▶ **EXERCISE**
Given the entries that follow, write out exactly the lines starting at the one containing "#28936 = DIRECTION" and ending at the one containing "#32175 = EDGE_LOOP", both ends included, and only those.

▶ **MATERIAL FOR THIS TASK**
::::::::

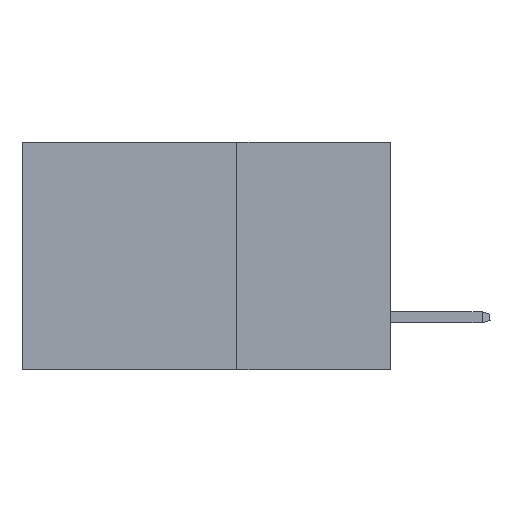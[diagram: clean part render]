
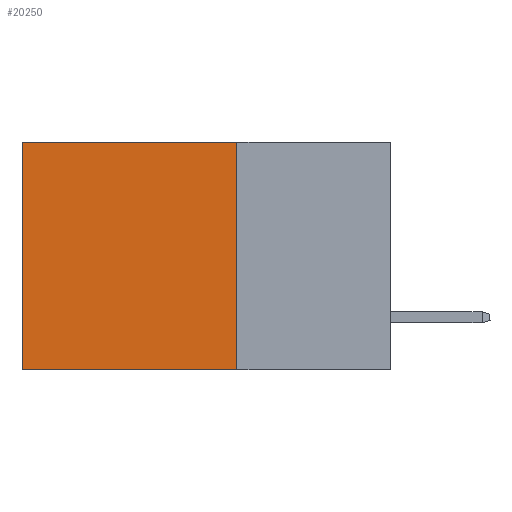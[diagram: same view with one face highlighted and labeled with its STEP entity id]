
A CAD part, left-side view. The second image highlights one B-rep face of the part: STEP entity #20250.
In plain terms, the highlighted planar face has unit normal (-1, 0, 0).
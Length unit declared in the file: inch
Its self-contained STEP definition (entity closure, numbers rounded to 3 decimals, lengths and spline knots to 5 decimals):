
#39 = ORIENTED_EDGE ( 'NONE', *, *, #12450, .F. ) ;
#1543 = CARTESIAN_POINT ( 'NONE',  ( 0.2875, 0.6, -0.37 ) ) ;
#7767 = LINE ( 'NONE', #8993, #19526 ) ;
#8753 = DIRECTION ( 'NONE',  ( 0., 0., -1. ) ) ;
#8993 = CARTESIAN_POINT ( 'NONE',  ( 0.2875, 0.25, 0. ) ) ;
#10341 = LINE ( 'NONE', #31055, #33421 ) ;
#11597 = ORIENTED_EDGE ( 'NONE', *, *, #26522, .T. ) ;
#12280 = DIRECTION ( 'NONE',  ( 0., 0., -1. ) ) ;
#12450 = EDGE_CURVE ( 'NONE', #19710, #16408, #22103, .T. ) ;
#13900 = CARTESIAN_POINT ( 'NONE',  ( 0.2875, 0.25, 0. ) ) ;
#15203 = PLANE ( 'NONE',  #25376 ) ;
#16408 = VERTEX_POINT ( 'NONE', #1543 ) ;
#16496 = VECTOR ( 'NONE', #16501, 39.37008 ) ;
#16501 = DIRECTION ( 'NONE',  ( 0., 1., 0. ) ) ;
#16559 = FACE_OUTER_BOUND ( 'NONE', #32175, .T. ) ;
#17199 = DIRECTION ( 'NONE',  ( 0., 1., 0. ) ) ;
#18089 = ORIENTED_EDGE ( 'NONE', *, *, #25509, .T. ) ;
#18432 = VERTEX_POINT ( 'NONE', #33924 ) ;
#19526 = VECTOR ( 'NONE', #8753, 39.37008 ) ;
#19710 = VERTEX_POINT ( 'NONE', #24877 ) ;
#19870 = LINE ( 'NONE', #28268, #25497 ) ;
#20250 = ADVANCED_FACE ( 'NONE', ( #16559 ), #15203, .F. ) ;
#21864 = VERTEX_POINT ( 'NONE', #13900 ) ;
#22103 = LINE ( 'NONE', #33255, #16496 ) ;
#24877 = CARTESIAN_POINT ( 'NONE',  ( 0.2875, 0.25, -0.37 ) ) ;
#25376 = AXIS2_PLACEMENT_3D ( 'NONE', #34766, #28936, #12280 ) ;
#25497 = VECTOR ( 'NONE', #30819, 39.37008 ) ;
#25509 = EDGE_CURVE ( 'NONE', #21864, #18432, #10341, .T. ) ;
#26522 = EDGE_CURVE ( 'NONE', #18432, #16408, #19870, .T. ) ;
#27327 = ORIENTED_EDGE ( 'NONE', *, *, #32774, .F. ) ;
#28268 = CARTESIAN_POINT ( 'NONE',  ( 0.2875, 0.6, 0. ) ) ;
#28936 = DIRECTION ( 'NONE',  ( 1., 0., 0. ) ) ;
#30819 = DIRECTION ( 'NONE',  ( 0., 0., -1. ) ) ;
#31055 = CARTESIAN_POINT ( 'NONE',  ( 0.2875, 0.25, 0. ) ) ;
#32175 = EDGE_LOOP ( 'NONE', ( #11597, #39, #27327, #18089 ) ) ;
#32774 = EDGE_CURVE ( 'NONE', #21864, #19710, #7767, .T. ) ;
#33255 = CARTESIAN_POINT ( 'NONE',  ( 0.2875, 0.25, -0.37 ) ) ;
#33421 = VECTOR ( 'NONE', #17199, 39.37008 ) ;
#33924 = CARTESIAN_POINT ( 'NONE',  ( 0.2875, 0.6, 0. ) ) ;
#34766 = CARTESIAN_POINT ( 'NONE',  ( 0.2875, 0.25, 0. ) ) ;

::::::::

▶ **SOLUTION TO THIS EXERCISE**
#28936 = DIRECTION ( 'NONE',  ( 1., 0., 0. ) ) ;
#30819 = DIRECTION ( 'NONE',  ( 0., 0., -1. ) ) ;
#31055 = CARTESIAN_POINT ( 'NONE',  ( 0.2875, 0.25, 0. ) ) ;
#32175 = EDGE_LOOP ( 'NONE', ( #11597, #39, #27327, #18089 ) ) ;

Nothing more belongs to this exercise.